Jean-Francois Millet, A Norman Milkmaid at Gréville, 1871. LACMA

The Monet loan is a full-size oil sketch for a section of the Water Lilies panorama now in the Orangerie, Paris. 

Claude Monet, Weeping Willow and the Water-Lily Pond, about 1916-1917. Thames Art Investment Fund LLC

Comments

Anonymous said…
Thank God for the Getty.

Now that LA lacks a public museum of general scope and interest, a lot of the burden falls on the shoulders of Richard Meier's buildings next to the 405 in Brentwood.

I guess the Huntington on the other side of town is sort of that area's answer to the Getty.

I wonder what type of draperies is favored by Peter Zumthor?
A lovely de Heem.
It's odd that the Centraal Museum's website still lists this work, now in the private Klesch Collection, as still in the museum's collection.
Classic de Heem sumptuousness in this picture, although I have no idea what the floral/foliate object is, positioned directly behind the overturned string instrument (which is what?: a lute or mandora? [I'm sure I'm wrong]).
Although the Centraal Museum now has no de Heem remotely as beautiful as this restituted work, they are full to bursting with other contemporaneous masterworks of the genre.
The story here is not that the rightful heirs were granted their painting back, but that it took the Dutch government nearly 75 years to do so. The Dutch need to work harder.
The Nazi war is hardly over, on many levels, still, and Europe this week ascends into war again. Let us hope we all survive this one.
The Monet Weeping Willow oil sketch is just a wow, and I'm normally not a fan of his pond-centric confections. The huge areas of vertical dark striping bring to mind Clyfford Still. There's a beautiful one at LACMA (PH-143) of 1955. I think it's living at Broad right now, for the time being.
Anonymous said…
^^^The shoulders of Richard Meier???

LOL. Go look for Meier now.

... As for his buildings, like his reputation, they have NOT aged well.

Look at the Getty:

The entrance to the museum is a failure. See the blank wall to the right.

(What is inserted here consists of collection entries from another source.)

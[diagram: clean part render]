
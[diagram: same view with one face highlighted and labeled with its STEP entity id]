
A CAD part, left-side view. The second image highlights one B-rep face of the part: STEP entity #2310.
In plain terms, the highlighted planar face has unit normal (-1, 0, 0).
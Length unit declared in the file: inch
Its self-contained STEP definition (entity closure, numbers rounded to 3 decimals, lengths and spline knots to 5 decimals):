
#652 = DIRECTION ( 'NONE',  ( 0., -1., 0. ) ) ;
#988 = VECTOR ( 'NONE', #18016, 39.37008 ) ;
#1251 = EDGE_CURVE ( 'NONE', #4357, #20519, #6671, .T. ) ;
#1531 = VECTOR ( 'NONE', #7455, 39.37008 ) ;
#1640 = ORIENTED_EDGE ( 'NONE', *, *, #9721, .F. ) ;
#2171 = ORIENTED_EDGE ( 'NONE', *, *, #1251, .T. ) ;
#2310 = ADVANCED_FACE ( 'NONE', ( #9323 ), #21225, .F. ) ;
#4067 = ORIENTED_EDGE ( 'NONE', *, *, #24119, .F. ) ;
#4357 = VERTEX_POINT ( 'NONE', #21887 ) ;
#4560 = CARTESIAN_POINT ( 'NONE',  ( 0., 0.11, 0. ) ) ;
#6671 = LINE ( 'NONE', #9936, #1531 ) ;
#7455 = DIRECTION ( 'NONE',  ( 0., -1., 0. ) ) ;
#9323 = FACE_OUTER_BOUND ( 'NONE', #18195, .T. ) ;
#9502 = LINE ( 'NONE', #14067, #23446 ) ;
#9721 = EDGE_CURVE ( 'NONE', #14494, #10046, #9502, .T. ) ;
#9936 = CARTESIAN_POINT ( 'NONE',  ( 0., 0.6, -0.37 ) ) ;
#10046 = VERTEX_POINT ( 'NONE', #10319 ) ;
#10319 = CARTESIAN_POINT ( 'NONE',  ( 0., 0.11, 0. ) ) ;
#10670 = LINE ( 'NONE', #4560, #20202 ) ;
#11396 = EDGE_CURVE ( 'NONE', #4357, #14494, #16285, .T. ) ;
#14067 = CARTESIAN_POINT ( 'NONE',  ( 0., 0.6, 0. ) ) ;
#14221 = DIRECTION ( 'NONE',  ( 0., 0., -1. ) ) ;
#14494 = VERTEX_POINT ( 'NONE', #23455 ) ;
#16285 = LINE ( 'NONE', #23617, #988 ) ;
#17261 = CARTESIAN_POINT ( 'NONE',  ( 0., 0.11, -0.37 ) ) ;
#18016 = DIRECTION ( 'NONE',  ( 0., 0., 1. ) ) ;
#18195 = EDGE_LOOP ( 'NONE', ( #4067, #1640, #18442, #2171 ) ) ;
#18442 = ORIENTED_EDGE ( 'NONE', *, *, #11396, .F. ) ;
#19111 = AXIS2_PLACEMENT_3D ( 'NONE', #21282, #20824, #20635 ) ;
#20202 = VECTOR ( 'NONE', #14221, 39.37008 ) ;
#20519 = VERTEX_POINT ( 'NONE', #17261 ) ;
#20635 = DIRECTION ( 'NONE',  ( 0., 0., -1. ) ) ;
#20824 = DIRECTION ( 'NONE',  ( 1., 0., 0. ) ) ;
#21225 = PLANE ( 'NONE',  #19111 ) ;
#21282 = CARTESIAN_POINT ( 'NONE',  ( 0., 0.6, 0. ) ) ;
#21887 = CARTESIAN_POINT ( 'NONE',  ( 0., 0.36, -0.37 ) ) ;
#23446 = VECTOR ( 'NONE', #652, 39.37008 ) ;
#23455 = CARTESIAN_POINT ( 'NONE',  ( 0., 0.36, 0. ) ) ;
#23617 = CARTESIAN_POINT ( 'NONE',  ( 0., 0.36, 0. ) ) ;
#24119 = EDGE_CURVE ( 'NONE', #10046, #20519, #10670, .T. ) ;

On sunny days, the courtyard is too bright and uninviting.

The temporary exhibition gallery seems like an afterthought.

For a billion dollars, the Getty Center should have been a masterpiece of Postwar Architecture. But you wont find it on any list of masterpieces. The most recent one appeared in the New York Times (August 2021). A Zumthor building made that list.
Anonymous said…
"A Zumthor building made that list."


I wonder if he prefers draperies made of cotton or polyester?
Anonymous said…
To the anonymous person always commenting here about “LACMA-Govan-Zumthor-draperies” what is your problem? Hahahaha
Anonymous said…
^^^The Getty Museum is due for an Annabelle Selldorf makeover.

She is the architect museums bring in to correct their flawed entrances and other architectural idiosyncrasies.

The Getty's entrance is particularly bad --- from the blank wall (with that strange cut-out) to that huge overhang over the doors.

There's also something odd about the entry sequence. When you exit the tram, the first vista is the small building with the museum restaurant/cafeteria. It's bad design.